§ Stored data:
################

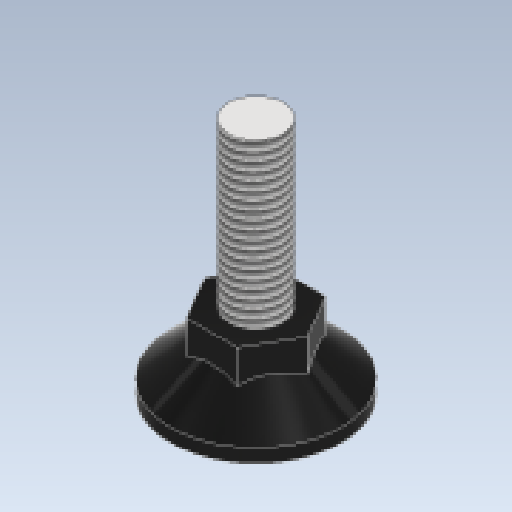
# Autodesk Inventor part: Rubber_feet
Saved by Autodesk Inventor 2025.2 (Build 292293000, 293)
## iProperties
Created: 2025-05-14
Part Number: Rubber_feet
Material: Generic
Document SubType Name: Modeling
Designer: Sergio Quintero
Density: 1 g/cm^3
Appearance: Default
Author: Sergio Quintero
Autodesk Inventor part; units mm, degrees
ref_plane "YZ Plane" through (0, 0, 0) normal (1, 0, 0) x (0, 1, 0)
ref_plane "XY Plane" through (0, 0, 0) normal (0, 0, 1) x (1, 0, 0)
sketch "Sketch1" plane through (0, 0, 0) normal (0, 1, 0) x (-1, 0, 0)
  circle A0 centre (0, 0) radius 12.5
  dimension "d0" = 25
  constraints: 1 centre point, 1 coincident
  measures "d0" diameter of A0
extrude "Extrusion1" add sketch "Sketch1" along normal blind 2
ref_plane "Work Plane1" through (0, 11, 0) normal (0, 1, 0) x (-1, 0, 0)
sketch "Sketch2" plane through (0, 11, 0) normal (0, 1, 0) x (-1, 0, 0)
  circle A0 centre (0, 0) radius 6.5
  dimension "d4" = 13
  constraints: 1 centre point, 1 coincident
  measures "d4" diameter of A0
extrude "Extrusion2" add sketch "Sketch2" against normal blind 4
sketch "Sketch3" plane through (0, 0, 0) normal (1, 0, 0) x (0, 1, 0)
  line L0 (7, 6.5) -> (7, -6.5) projected
  line L1 (2, -12.5) -> (2, 12.5) projected
  line L2 (7, 6.5) -> (7, 0)
  line L3 (2, 0) -> (2, 12.5)
  line L4 (7, 0) -> (2, 0)
  line L5 (-8.8948, 0) -> (10.1544, 0) projected
  line L6 (2, 12.5) -> (7, 6.5)
  point P0 (0, 0)
  constraints: 8 end point, 2 midpoint, 1 collinear, 1 perpendicular
revolve "Revolution1" add sketch "Sketch3" angle 360 about axis through (0, -10, 0) along (0, 1, 0)
sketch "Sketch4" plane through (0, 11, 0) normal (0, 1, 0) x (1, 0, 0)
  line L0 (0, 0) -> (5.6292, 3.25) construction
  circle A0 centre (0, 0) radius 6.5 construction
  line L1 (0, 0) -> (6.5, 0) construction
  circle A1 centre (0, 0) radius 6.5 projected
  line L2 (7.5056, 0) -> (3.7528, -6.5)
  line L3 (3.7528, -6.5) -> (-3.7528, -6.5)
  line L4 (-3.7528, -6.5) -> (-7.5056, 0)
  line L5 (-7.5056, 0) -> (-3.7528, 6.5)
  line L6 (-3.7528, 6.5) -> (3.7528, 6.5)
  line L7 (3.7528, 6.5) -> (7.5056, 0)
  point P0 (0, 6.5)
  point P1 (5.6292, -3.25)
  point P2 (-5.6292, 3.25)
  point P3 (-5.6292, -3.25)
  point P4 (0, -6.5)
  dimension "d9" = 30
  constraints: 16 end point, 1 coincident, 1 equal length, 1 horizontal, 1 midpoint, 15 other
  measures "d9" angle of L1 L0
extrude "Extrusion3" add sketch "Sketch4" against normal blind 6 contours A1 L7 L2 | A1 L6 L7 | L2 L3 A1 | A1 L5 L6 | L3 L4 A1 | A1 L4 L5
sketch "Sketch5" plane through (0, 11, 0) normal (0, 1, 0) x (1, 0, 0)
  circle A0 centre (0, 0) radius 4
  dimension "d12" = 8
  constraints: 1 centre point, 1 coincident
  measures "d12" diameter of A0
extrude "Extrusion4" add sketch "Sketch5" along normal blind 24 separate body
thread "Thread1" size "M8x1.25" class "6g" standard "ANSI Metric M Profile" full length
body "Solid1"
body "Solid2"

################

§ DESCRIPTION OF THE TASK: The records above need to be reproduced exactly, with all images omitted.

§ OUTPUT OF THE TASK:
# Autodesk Inventor part: Rubber_feet
Saved by Autodesk Inventor 2025.2 (Build 292293000, 293)
## iProperties
Created: 2025-05-14
Part Number: Rubber_feet
Material: Generic
Document SubType Name: Modeling
Designer: Sergio Quintero
Density: 1 g/cm^3
Appearance: Default
Author: Sergio Quintero
Autodesk Inventor part; units mm, degrees
ref_plane "YZ Plane" through (0, 0, 0) normal (1, 0, 0) x (0, 1, 0)
ref_plane "XY Plane" through (0, 0, 0) normal (0, 0, 1) x (1, 0, 0)
sketch "Sketch1" plane through (0, 0, 0) normal (0, 1, 0) x (-1, 0, 0)
  circle A0 centre (0, 0) radius 12.5
  dimension "d0" = 25
  constraints: 1 centre point, 1 coincident
  measures "d0" diameter of A0
extrude "Extrusion1" add sketch "Sketch1" along normal blind 2
ref_plane "Work Plane1" through (0, 11, 0) normal (0, 1, 0) x (-1, 0, 0)
sketch "Sketch2" plane through (0, 11, 0) normal (0, 1, 0) x (-1, 0, 0)
  circle A0 centre (0, 0) radius 6.5
  dimension "d4" = 13
  constraints: 1 centre point, 1 coincident
  measures "d4" diameter of A0
extrude "Extrusion2" add sketch "Sketch2" against normal blind 4
sketch "Sketch3" plane through (0, 0, 0) normal (1, 0, 0) x (0, 1, 0)
  line L0 (7, 6.5) -> (7, -6.5) projected
  line L1 (2, -12.5) -> (2, 12.5) projected
  line L2 (7, 6.5) -> (7, 0)
  line L3 (2, 0) -> (2, 12.5)
  line L4 (7, 0) -> (2, 0)
  line L5 (-8.8948, 0) -> (10.1544, 0) projected
  line L6 (2, 12.5) -> (7, 6.5)
  point P0 (0, 0)
  constraints: 8 end point, 2 midpoint, 1 collinear, 1 perpendicular
revolve "Revolution1" add sketch "Sketch3" angle 360 about axis through (0, -10, 0) along (0, 1, 0)
sketch "Sketch4" plane through (0, 11, 0) normal (0, 1, 0) x (1, 0, 0)
  line L0 (0, 0) -> (5.6292, 3.25) construction
  circle A0 centre (0, 0) radius 6.5 construction
  line L1 (0, 0) -> (6.5, 0) construction
  circle A1 centre (0, 0) radius 6.5 projected
  line L2 (7.5056, 0) -> (3.7528, -6.5)
  line L3 (3.7528, -6.5) -> (-3.7528, -6.5)
  line L4 (-3.7528, -6.5) -> (-7.5056, 0)
  line L5 (-7.5056, 0) -> (-3.7528, 6.5)
  line L6 (-3.7528, 6.5) -> (3.7528, 6.5)
  line L7 (3.7528, 6.5) -> (7.5056, 0)
  point P0 (0, 6.5)
  point P1 (5.6292, -3.25)
  point P2 (-5.6292, 3.25)
  point P3 (-5.6292, -3.25)
  point P4 (0, -6.5)
  dimension "d9" = 30
  constraints: 16 end point, 1 coincident, 1 equal length, 1 horizontal, 1 midpoint, 15 other
  measures "d9" angle of L1 L0
extrude "Extrusion3" add sketch "Sketch4" against normal blind 6 contours A1 L7 L2 | A1 L6 L7 | L2 L3 A1 | A1 L5 L6 | L3 L4 A1 | A1 L4 L5
sketch "Sketch5" plane through (0, 11, 0) normal (0, 1, 0) x (1, 0, 0)
  circle A0 centre (0, 0) radius 4
  dimension "d12" = 8
  constraints: 1 centre point, 1 coincident
  measures "d12" diameter of A0
extrude "Extrusion4" add sketch "Sketch5" along normal blind 24 separate body
thread "Thread1" size "M8x1.25" class "6g" standard "ANSI Metric M Profile" full length
body "Solid1"
body "Solid2"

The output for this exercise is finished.